* _ACTIVITY_
All of the records below should be output exactly.

_ _ _ _ _

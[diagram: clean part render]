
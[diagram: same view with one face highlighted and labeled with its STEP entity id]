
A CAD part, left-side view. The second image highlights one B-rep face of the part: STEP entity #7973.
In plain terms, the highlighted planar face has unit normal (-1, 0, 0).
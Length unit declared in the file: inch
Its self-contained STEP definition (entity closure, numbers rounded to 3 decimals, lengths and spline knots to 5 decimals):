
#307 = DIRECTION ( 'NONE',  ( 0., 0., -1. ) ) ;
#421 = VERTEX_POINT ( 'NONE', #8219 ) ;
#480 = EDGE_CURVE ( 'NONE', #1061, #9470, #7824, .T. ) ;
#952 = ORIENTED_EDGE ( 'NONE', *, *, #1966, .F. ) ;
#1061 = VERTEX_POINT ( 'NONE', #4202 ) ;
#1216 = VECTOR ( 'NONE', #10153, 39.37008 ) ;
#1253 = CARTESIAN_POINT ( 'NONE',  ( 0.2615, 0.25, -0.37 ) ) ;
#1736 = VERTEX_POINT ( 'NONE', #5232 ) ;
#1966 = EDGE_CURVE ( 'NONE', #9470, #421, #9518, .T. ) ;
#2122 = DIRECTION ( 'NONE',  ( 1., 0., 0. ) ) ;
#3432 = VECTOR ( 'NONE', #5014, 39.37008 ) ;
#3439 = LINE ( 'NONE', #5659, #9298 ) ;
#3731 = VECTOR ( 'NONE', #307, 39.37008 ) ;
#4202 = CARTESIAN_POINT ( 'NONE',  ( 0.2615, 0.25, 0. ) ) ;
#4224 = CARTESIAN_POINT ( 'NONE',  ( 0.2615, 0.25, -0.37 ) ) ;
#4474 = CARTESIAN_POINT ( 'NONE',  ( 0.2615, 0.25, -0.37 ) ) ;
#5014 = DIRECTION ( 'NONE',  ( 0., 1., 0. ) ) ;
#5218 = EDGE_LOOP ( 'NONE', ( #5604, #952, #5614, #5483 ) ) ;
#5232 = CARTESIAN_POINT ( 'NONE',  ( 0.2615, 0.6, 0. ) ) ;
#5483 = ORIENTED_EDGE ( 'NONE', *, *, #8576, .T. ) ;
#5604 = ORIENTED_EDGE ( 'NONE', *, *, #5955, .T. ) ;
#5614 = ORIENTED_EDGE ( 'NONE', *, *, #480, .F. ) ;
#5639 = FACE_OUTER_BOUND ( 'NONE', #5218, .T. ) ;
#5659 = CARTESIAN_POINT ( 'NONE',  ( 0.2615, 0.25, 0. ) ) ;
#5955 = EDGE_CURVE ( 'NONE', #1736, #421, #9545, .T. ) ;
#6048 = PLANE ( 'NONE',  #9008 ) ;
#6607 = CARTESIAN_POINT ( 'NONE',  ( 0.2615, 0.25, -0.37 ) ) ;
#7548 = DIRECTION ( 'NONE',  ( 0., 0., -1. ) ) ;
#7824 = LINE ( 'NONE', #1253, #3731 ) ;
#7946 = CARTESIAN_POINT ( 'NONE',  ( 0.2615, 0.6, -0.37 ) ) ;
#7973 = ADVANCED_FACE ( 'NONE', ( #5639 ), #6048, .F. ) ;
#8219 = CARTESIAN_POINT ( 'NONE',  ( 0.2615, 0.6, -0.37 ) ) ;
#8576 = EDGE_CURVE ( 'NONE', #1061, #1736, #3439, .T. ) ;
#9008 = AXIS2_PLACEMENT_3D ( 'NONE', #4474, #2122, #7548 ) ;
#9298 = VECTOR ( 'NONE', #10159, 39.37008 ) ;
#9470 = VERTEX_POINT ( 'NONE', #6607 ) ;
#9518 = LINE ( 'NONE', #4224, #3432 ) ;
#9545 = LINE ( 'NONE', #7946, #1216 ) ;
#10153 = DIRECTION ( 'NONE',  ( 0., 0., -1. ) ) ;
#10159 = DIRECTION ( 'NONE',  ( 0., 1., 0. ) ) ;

_ _ _ _ _

* _COMPLETED EXERCISE_
[diagram: clean part render]
[diagram: same view with one face highlighted and labeled with its STEP entity id]
A CAD part, left-side view. The second image highlights one B-rep face of the part: STEP entity #7973.
In plain terms, the highlighted planar face has unit normal (-1, 0, 0).
Length unit declared in the file: inch
Its self-contained STEP definition (entity closure, numbers rounded to 3 decimals, lengths and spline knots to 5 decimals):
#307 = DIRECTION ( 'NONE',  ( 0., 0., -1. ) ) ;
#421 = VERTEX_POINT ( 'NONE', #8219 ) ;
#480 = EDGE_CURVE ( 'NONE', #1061, #9470, #7824, .T. ) ;
#952 = ORIENTED_EDGE ( 'NONE', *, *, #1966, .F. ) ;
#1061 = VERTEX_POINT ( 'NONE', #4202 ) ;
#1216 = VECTOR ( 'NONE', #10153, 39.37008 ) ;
#1253 = CARTESIAN_POINT ( 'NONE',  ( 0.2615, 0.25, -0.37 ) ) ;
#1736 = VERTEX_POINT ( 'NONE', #5232 ) ;
#1966 = EDGE_CURVE ( 'NONE', #9470, #421, #9518, .T. ) ;
#2122 = DIRECTION ( 'NONE',  ( 1., 0., 0. ) ) ;
#3432 = VECTOR ( 'NONE', #5014, 39.37008 ) ;
#3439 = LINE ( 'NONE', #5659, #9298 ) ;
#3731 = VECTOR ( 'NONE', #307, 39.37008 ) ;
#4202 = CARTESIAN_POINT ( 'NONE',  ( 0.2615, 0.25, 0. ) ) ;
#4224 = CARTESIAN_POINT ( 'NONE',  ( 0.2615, 0.25, -0.37 ) ) ;
#4474 = CARTESIAN_POINT ( 'NONE',  ( 0.2615, 0.25, -0.37 ) ) ;
#5014 = DIRECTION ( 'NONE',  ( 0., 1., 0. ) ) ;
#5218 = EDGE_LOOP ( 'NONE', ( #5604, #952, #5614, #5483 ) ) ;
#5232 = CARTESIAN_POINT ( 'NONE',  ( 0.2615, 0.6, 0. ) ) ;
#5483 = ORIENTED_EDGE ( 'NONE', *, *, #8576, .T. ) ;
#5604 = ORIENTED_EDGE ( 'NONE', *, *, #5955, .T. ) ;
#5614 = ORIENTED_EDGE ( 'NONE', *, *, #480, .F. ) ;
#5639 = FACE_OUTER_BOUND ( 'NONE', #5218, .T. ) ;
#5659 = CARTESIAN_POINT ( 'NONE',  ( 0.2615, 0.25, 0. ) ) ;
#5955 = EDGE_CURVE ( 'NONE', #1736, #421, #9545, .T. ) ;
#6048 = PLANE ( 'NONE',  #9008 ) ;
#6607 = CARTESIAN_POINT ( 'NONE',  ( 0.2615, 0.25, -0.37 ) ) ;
#7548 = DIRECTION ( 'NONE',  ( 0., 0., -1. ) ) ;
#7824 = LINE ( 'NONE', #1253, #3731 ) ;
#7946 = CARTESIAN_POINT ( 'NONE',  ( 0.2615, 0.6, -0.37 ) ) ;
#7973 = ADVANCED_FACE ( 'NONE', ( #5639 ), #6048, .F. ) ;
#8219 = CARTESIAN_POINT ( 'NONE',  ( 0.2615, 0.6, -0.37 ) ) ;
#8576 = EDGE_CURVE ( 'NONE', #1061, #1736, #3439, .T. ) ;
#9008 = AXIS2_PLACEMENT_3D ( 'NONE', #4474, #2122, #7548 ) ;
#9298 = VECTOR ( 'NONE', #10159, 39.37008 ) ;
#9470 = VERTEX_POINT ( 'NONE', #6607 ) ;
#9518 = LINE ( 'NONE', #4224, #3432 ) ;
#9545 = LINE ( 'NONE', #7946, #1216 ) ;
#10153 = DIRECTION ( 'NONE',  ( 0., 0., -1. ) ) ;
#10159 = DIRECTION ( 'NONE',  ( 0., 1., 0. ) ) ;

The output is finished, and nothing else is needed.